Here's a minimal version in Python:

from dataclasses import dataclass, field, asdict
import json

@dataclass
class AgentScratchpad:
    # Persistent across all tool calls in this run
    goal: str = ""
    facts: dict = field(default_factory=dict)
    decisions: list = field(default_factory=list)

    def to_prompt(self) -> str:
        # Inject this back into the system prompt every turn
        return f"CURRENT STATE:\n{json.dumps(asdict(self), indent=2)}"

# Two tools the agent uses to manage its own memory
def remember(scratchpad, key: str, value: str):
    scratchpad.facts[key] = value
    return f"Saved {key}"

def decide(scratchpad, decision: str):
    scratchpad.decisions.append(decision)
    return "Decision logged"

The key move: you expose remember and decide as tools the agent can call. After step 1, it calls remember("config_path", "/etc/app.yml"). By step 4, that fact is still right there in the system prompt, front and center.

Step 2: Compress Old Tool Output

The second problem is sheer volume. A read_file call on a 500-line config returns 500 lines. Three of those calls and the context is mostly raw file dumps.

Fix it by replacing old tool results with summaries once they're no longer the active focus:

def compress_history(messages, keep_recent=3):
    # Keep system message and recent N turns verbatim
    # Summarize everything in between
    if len(messages) <= keep_recent + 1:
        return messages

    head = messages[0:1]  # system prompt
    tail = messages[-keep_recent:]
    middle = messages[1:-keep_recent]

    # Replace verbose tool results with one-line summaries
    summary = summarize_turns(middle)  # your own summarizer
    return head + [{"role": "user", "content": summary}] + tail

I usually run this every 5-6 turns. The agent still has access to the scratchpad for facts that matter, and the recent turns for the immediate context. The middle gets squashed.

Step 3: Validate State Before Every Critical Tool Call

This is the prevention piece.

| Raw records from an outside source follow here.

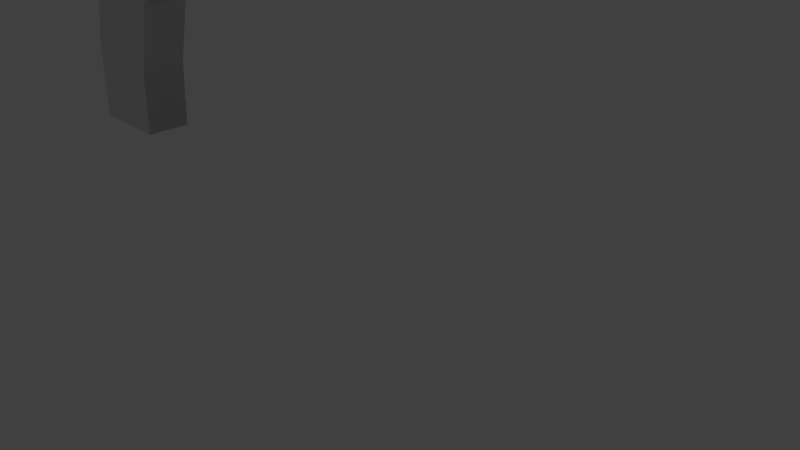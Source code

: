 # Source: mid_quarters.blend  (saved by Blender 2.70.0; exported with 4.5.12 LTS)
import bpy
from mathutils import Matrix  # noqa: F401  (used for matrix-valued properties, if any)

bpy.ops.wm.read_factory_settings(use_empty=True)
scene = bpy.context.scene
scene.name = 'Scene'

# ---- collections
col_collection_1 = bpy.data.collections.new('Collection 1'); scene.collection.children.link(col_collection_1)

# ---- world
world_world = bpy.data.worlds.new('World'); scene.world = world_world
world_world.color = (0.05088, 0.05088, 0.05088)
world_world.use_sun_shadow = False
world_world.sun_shadow_jitter_overblur = 0.0
world_world.cycles.sampling_method = 'MANUAL'
world_world.cycles.sample_map_resolution = 256

# ---- cameras
cam_camera = bpy.data.cameras.new('Camera')
cam_camera.clip_end = 100.0
cam_camera.lens = 35.0
cam_camera.sensor_width = 32.0
cam_camera.sensor_height = 18.0
cam_camera.ortho_scale = 7.314
cam_camera.dof.focus_distance = 0.0
cam_camera.dof.aperture_fstop = 128.0

# ---- lights
light_lamp = bpy.data.lights.new('Lamp', 'POINT')
light_lamp.transmission_factor = 0.0
light_lamp.cutoff_distance = 30.0
light_lamp.energy = 100.0
light_lamp.shadow_buffer_clip_start = 1.001
light_lamp.shadow_soft_size = 0.1
light_lamp.shadow_maximum_resolution = 0.006
light_lamp.use_absolute_resolution = True
light_lamp.cycles.use_multiple_importance_sampling = False

# ---- meshes
me_circle = bpy.data.meshes.new('Circle')
me_circle.from_pydata([(4.957e-08, 0.75, -0.0125), (-0.1463, 0.7356, -0.0125), (-0.287, 0.6929, -0.0125), (-0.4167, 0.6236, -0.0125), (-0.5303, 0.5303, -0.0125), (-0.6236, 0.4167, -0.0125), (-0.6929, 0.287, -0.0125), (-0.7356, 0.1463, -0.0125), (-0.75, 6.89e-08, -0.0125), (0.5303, -0.5303, -0.0125), (0.4167, -0.6236, -0.0125), (0.287, -0.6929, -0.0125), (0.1463, -0.7356, -0.0125), (2.939e-07, -0.75, -0.0125), (-0.75, 6.89e-08, -0.0125), (-0.7356, 0.1463, -0.0125), (2.939e-07, -0.75, -0.0125), (0.1463, -0.7356, -0.0125), (0.287, -0.6929, -0.0125), (0.4167, -0.6236, -0.0125), (0.5303, -0.5303, -0.0125), (0.6236, -0.4167, -0.0125), (0.6929, -0.287, -0.0125), (0.7356, -0.1463, -0.0125), (0.75, 7.365e-07, -0.0125), (-0.5543, 0.2296, -0.0875), (-0.4989, 0.3333, -0.0875), (-0.4243, 0.4243, -0.0875), (-0.3333, 0.4989, -0.0875), (-0.2296, 0.5543, -0.0875), (-0.1171, 0.5885, -0.0875), (9.968e-08, 0.6, -0.0875), (0.75, 6.706e-07, -0.0875), (0.7356, -0.1463, -0.0875), (0.6929, -0.287, -0.0875), (2.952e-07, -0.6, -0.0875), (-0.6, -2.126e-07, -0.0875), (-0.5885, 0.1171, -0.0875), (-0.5543, 0.2296, -0.0875), (-0.4989, 0.3333, -0.0875), (-0.4243, 0.4243, -0.0875), (-0.3333, 0.4989, -0.0875), (0.6236, -0.4167, -0.0875), (0.5303, -0.5303, -0.0875), (0.4167, -0.6236, -0.0875), (0.287, -0.6929, -0.0875), (0.1463, -0.7356, -0.0875), (2.939e-07, -0.75, -0.0875), (-0.7356, 0.1463, -0.0875), (-0.75, 3.04e-09, -0.0875), (2.939e-07, -0.75, -0.0875), (0.1463, -0.7356, -0.0875), (0.287, -0.6929, -0.0875), (0.4167, -0.6236, -0.0875), (0.5303, -0.5303, -0.0875), (-0.75, 3.04e-09, -0.0875), (-0.7356, 0.1463, -0.0875), (-0.6929, 0.287, -0.0875), (-0.6236, 0.4167, -0.0875), (-0.5303, 0.5303, -0.0875), (-0.4167, 0.6236, -0.0875), (-0.287, 0.6929, -0.0875), (-0.1463, 0.7356, -0.0875), (4.957e-08, 0.75, -0.0875), (9.968e-08, 0.6, -0.0125), (-0.1171, 0.5885, -0.0125), (-0.2296, 0.5543, -0.0125), (-0.3333, 0.4989, -0.0125), (-0.4243, 0.4243, -0.0125), (-0.4989, 0.3333, -0.0125), (-0.5543, 0.2296, -0.0125), (-0.5885, 0.1171, -0.0125), (-0.6, -1.467e-07, -0.0125), (-0.6929, 0.287, -0.0125), (-0.6236, 0.4167, -0.0125), (-0.5303, 0.5303, -0.0125), (-0.4167, 0.6236, -0.0125), (-0.287, 0.6929, -0.0125), (-0.1463, 0.7356, -0.0125), (4.957e-08, 0.75, -0.0125), (2.952e-07, -0.6, -0.0125), (0.1171, -0.5885, -0.0125), (0.2296, -0.5543, -0.0125), (0.3333, -0.4989, -0.0125), (0.4243, -0.4243, -0.0125), (0.4989, -0.3333, -0.0125), (0.5543, -0.2296, -0.0125), (0.5885, -0.1171, -0.0125), (0.6, 3.873e-07, -0.0125), (-0.2296, 0.5543, -0.0875), (-0.1171, 0.5885, -0.0875), (9.968e-08, 0.6, -0.0875), (0.75, 7.365e-07, -0.0125), (0.7356, -0.1463, -0.0125), (0.6929, -0.287, -0.0125), (0.6236, -0.4167, -0.0125), (0.6236, -0.4167, -0.0875), (0.6929, -0.287, -0.0875), (0.7356, -0.1463, -0.0875), (0.75, 6.706e-07, -0.0875), (0.6, 3.215e-07, -0.0875), (0.5885, -0.1171, -0.0875), (0.5543, -0.2296, -0.0875), (0.4989, -0.3333, -0.0875), (0.4243, -0.4243, -0.0875), (0.3333, -0.4989, -0.0875), (0.2296, -0.5543, -0.0875), (0.1171, -0.5885, -0.0875), (2.952e-07, -0.6, -0.0875), (4.957e-08, 0.75, -0.0875), (-0.1463, 0.7356, -0.0875), (-0.287, 0.6929, -0.0875), (-0.4167, 0.6236, -0.0875), (-0.5303, 0.5303, -0.0875), (-0.6236, 0.4167, -0.0875), (-0.6929, 0.287, -0.0875), (-0.6, -2.126e-07, -0.0875), (-0.5885, 0.1171, -0.0875), (9.968e-08, 0.6, -0.0125), (-0.1171, 0.5885, -0.0125), (-0.2296, 0.5543, -0.0125), (-0.3333, 0.4989, -0.0125), (-0.4243, 0.4243, -0.0125), (-0.4989, 0.3333, -0.0125), (-0.5543, 0.2296, -0.0125), (-0.5885, 0.1171, -0.0125), (-0.6, -1.467e-07, -0.0125), (2.952e-07, -0.6, -0.0125), (0.1171, -0.5885, -0.0125), (0.2296, -0.5543, -0.0125), (0.3333, -0.4989, -0.0125), (0.4243, -0.4243, -0.0125), (0.4989, -0.3333, -0.0125), (0.5543, -0.2296, -0.0125), (0.5885, -0.1171, -0.0125), (0.6, 3.873e-07, -0.0125), (0.1171, -0.5885, -0.0875), (0.2296, -0.5543, -0.0875), (0.3333, -0.4989, -0.0875), (0.4243, -0.4243, -0.0875), (0.4989, -0.3333, -0.0875), (0.5543, -0.2296, -0.0875), (0.5885, -0.1171, -0.0875), (0.6, 3.215e-07, -0.0875)], [], [(107, 106, 137, 136), (21, 22, 94, 95), (44, 53, 54, 43), (47, 46, 45, 44, 43, 96, 97, 98, 99, 143, 142, 141, 140, 139, 138, 137, 136, 35), (66, 67, 121, 120), (81, 128, 129, 82), (7, 15, 14, 8), (46, 51, 52, 45), (22, 23, 93, 94), (29, 89, 41, 28), (0, 79, 78, 1), (59, 58, 114, 113), (33, 32, 99, 98), (67, 68, 122, 121), (82, 129, 130, 83), (61, 60, 112, 111), (23, 24, 92, 93), (16, 17, 18, 19, 20, 95, 94, 93, 92, 135, 134, 133, 132, 131, 130, 129, 128, 127), (1, 78, 77, 2), (108, 35, 50, 47), (16, 17, 12, 13), (106, 105, 138, 137), (68, 69, 123, 122), (83, 130, 131, 84), (31, 63, 109, 91), (42, 34, 97, 96), (64, 118, 79, 0), (2, 77, 76, 3), (103, 102, 141, 140), (17, 18, 11, 12), (28, 41, 40, 27), (69, 70, 124, 123), (100, 32, 99, 143), (84, 131, 132, 85), (105, 104, 139, 138), (15, 14, 126, 125, 124, 123, 122, 121, 120, 119, 118, 79, 78, 77, 76, 75, 74, 73), (88, 135, 92, 24), (3, 76, 75, 4), (25, 38, 37, 117), (18, 19, 10, 11), (63, 62, 110, 109), (70, 71, 125, 124), (60, 59, 113, 112), (85, 132, 133, 86), (27, 40, 39, 26), (48, 49, 36, 37, 38, 39, 40, 41, 89, 90, 91, 109, 110, 111, 112, 113, 114, 115), (80, 16, 13, 127), (45, 52, 53, 44), (4, 75, 74, 5), (19, 20, 9, 10), (34, 33, 98, 97), (71, 72, 126, 125), (102, 101, 142, 141), (86, 133, 134, 87), (47, 50, 51, 46), (64, 65, 119, 118), (72, 8, 14, 126), (5, 74, 73, 6), (104, 103, 140, 139), (20, 21, 95, 9), (56, 55, 49, 48), (117, 37, 36, 116), (87, 134, 135, 88), (62, 61, 111, 110), (65, 66, 120, 119), (80, 127, 128, 81), (6, 73, 15, 7), (26, 39, 38, 25), (31, 91, 90, 30), (116, 36, 49, 55), (58, 57, 115, 114), (43, 54, 96, 42), (101, 100, 143, 142), (30, 90, 89, 29), (108, 107, 136, 35), (57, 56, 48, 115), (65, 30, 29, 66), (82, 83, 105, 106), (21, 42, 34, 22), (4, 5, 58, 59), (12, 51, 50, 13), (72, 116, 55, 8), (86, 87, 101, 102), (1, 2, 61, 62), (69, 26, 25, 70), (64, 0, 63, 31), (9, 54, 53, 10), (66, 29, 28, 67), (83, 84, 104, 105), (5, 6, 57, 58), (22, 34, 33, 23), (16, 47, 35, 127), (80, 81, 107, 108), (87, 88, 100, 101), (2, 3, 60, 61), (70, 25, 117, 71), (95, 96, 43, 20), (10, 53, 52, 11), (88, 24, 32, 100), (67, 28, 27, 68), (84, 85, 103, 104), (23, 33, 32, 24), (6, 7, 56, 57), (64, 31, 30, 65), (81, 82, 106, 107), (3, 4, 59, 60), (71, 117, 116, 72), (20, 43, 42, 21), (95, 96, 54, 9), (11, 52, 51, 12), (80, 108, 47, 16), (0, 1, 62, 63), (68, 27, 26, 69), (85, 86, 102, 103), (13, 50, 35, 127), (7, 8, 55, 56), (120, 89, 90, 119), (121, 41, 89, 120), (122, 40, 41, 121), (123, 39, 40, 122), (124, 38, 39, 123), (125, 117, 38, 124), (126, 116, 117, 125), (119, 90, 91, 118), (14, 55, 116, 126), (109, 79, 118, 91), (140, 141, 142, 143, 99, 98, 97, 96, 54, 53, 52, 51, 50, 108, 136, 137, 138, 139), (116, 55, 56, 115, 114, 113, 112, 111, 110, 109, 91, 90, 89, 41, 40, 39, 38, 117)])
me_circle.use_remesh_preserve_volume = False
me_circle.use_remesh_preserve_attributes = False
me_circle.use_mirror_vertex_groups = False
me_circle.update()

# ---- objects
ob_circle = bpy.data.objects.new('Circle', me_circle)
ob_lamp = bpy.data.objects.new('Lamp', light_lamp)
ob_camera = bpy.data.objects.new('Camera', cam_camera)

# ---- transforms, parenting, visibility, modifiers, constraints
ob_circle.location = (0.0, 0.0, 0.0)
ob_circle.rotation_euler = (1.571, 0.0, 0.0)
ob_circle.scale = (10.0, 10.0, 10.0)
ob_circle.lineart.crease_threshold = 0.0
ob_lamp.location = (4.076, 1.005, 5.904)
ob_lamp.rotation_euler = (0.6503, 0.05522, 1.866)
ob_lamp.lock_rotations_4d = False
ob_lamp.empty_display_type = 'ARROWS'
ob_lamp.color = (0.0, 0.0, 0.0, 0.0)
ob_lamp.lineart.crease_threshold = 0.0
ob_camera.location = (7.481, -6.508, 5.344)
ob_camera.rotation_euler = (1.109, 0.01082, 0.8149)
ob_camera.lock_rotations_4d = False
ob_camera.empty_display_type = 'ARROWS'
ob_camera.color = (0.0, 0.0, 0.0, 0.0)
ob_camera.display_type = 'WIRE'
ob_camera.lineart.crease_threshold = 0.0

# ---- collection membership
col_collection_1.objects.link(ob_circle)
col_collection_1.objects.link(ob_lamp)
col_collection_1.objects.link(ob_camera)

# ---- scene / render settings (as saved in the file)
scene.camera = ob_camera
scene.frame_start = 1; scene.frame_end = 250; scene.frame_set(1)
scene.render.engine = 'BLENDER_EEVEE_NEXT'
scene.render.resolution_percentage = 50
scene.render.dither_intensity = 0.0
scene.cycles.use_denoising = False
scene.cycles.samples = 10
scene.cycles.sampling_pattern = 'TABULATED_SOBOL'
scene.cycles.light_sampling_threshold = 0.0
scene.cycles.use_adaptive_sampling = False
scene.cycles.use_light_tree = False
scene.cycles.blur_glossy = 0.0
scene.cycles.volume_bounces = 1
scene.cycles.pixel_filter_type = 'GAUSSIAN'
scene.cycles.sample_clamp_indirect = 0.0
scene.view_settings.view_transform = 'Standard'
bpy.context.view_layer.update()

For any tool that mutates something — writes a file, hits an API, runs a migration — wrap it in a guard that checks the scratchpad first:

def write_file_safe(scratchpad, path: str, content: str):
    # Refuse to write to a path the agent never recorded reading
    if path not in scratchpad.facts.get("known_paths", []):
        return (
            f"ERROR: {path} was never read in this session. "
            f"Read the file first or update scratchpad."
        )
    return do_write(path, content)

This catches the hallucination case cleanly. If the agent invents a path, the tool rejects it and tells the agent why. Nine times out of ten, the next turn the agent corrects itself and reads the right file.

A Pattern I've Started Using

After migrating three agents to this approach, I converged on a structure that looks roughly like:

System prompt holds the goal and tool definitions (static)
Scratchpad holds extracted facts and decisions (mutable, re-injected each turn)
Recent messages hold the last few turns verbatim (rolling window)
Summary replaces older middle turns (compressed)

The agent never needs to scan 50 turns of history to find a filename. It looks at the scratchpad, sees the fact, and acts on it.

Prevention Tips

A few things I wish I'd done from the start:

Design state-aware tools first. Every tool should either read from or write to the scratchpad, not just return data into the void.
Test long chains. Most agent bugs only show up after 5+ tool calls. Write integration tests that force the agent through a long workflow and assert on final state.
Log token counts per turn. When you see context creeping past 60-70% of the window, that's where attention starts to degrade. Compress earlier than you think you need to.
Don't trust the model to remember. If a fact matters in step 5, write it to the scratchpad in step 1. Treat the model like a brilliant intern with severe short-term memory loss.

The broader lesson here: agent reliability isn't really about prompt engineering. It's about state management. The model is doing inference; you're doing the bookkeeping. Get the bookkeeping right and the agent stops forgetting things.

I haven't tested the scratchpad pattern on workflows longer than about 20 tool calls, so your mileage may vary at extreme scale. But for the typical 3-10 step agent workflow, this fixed every context-loss bug I had.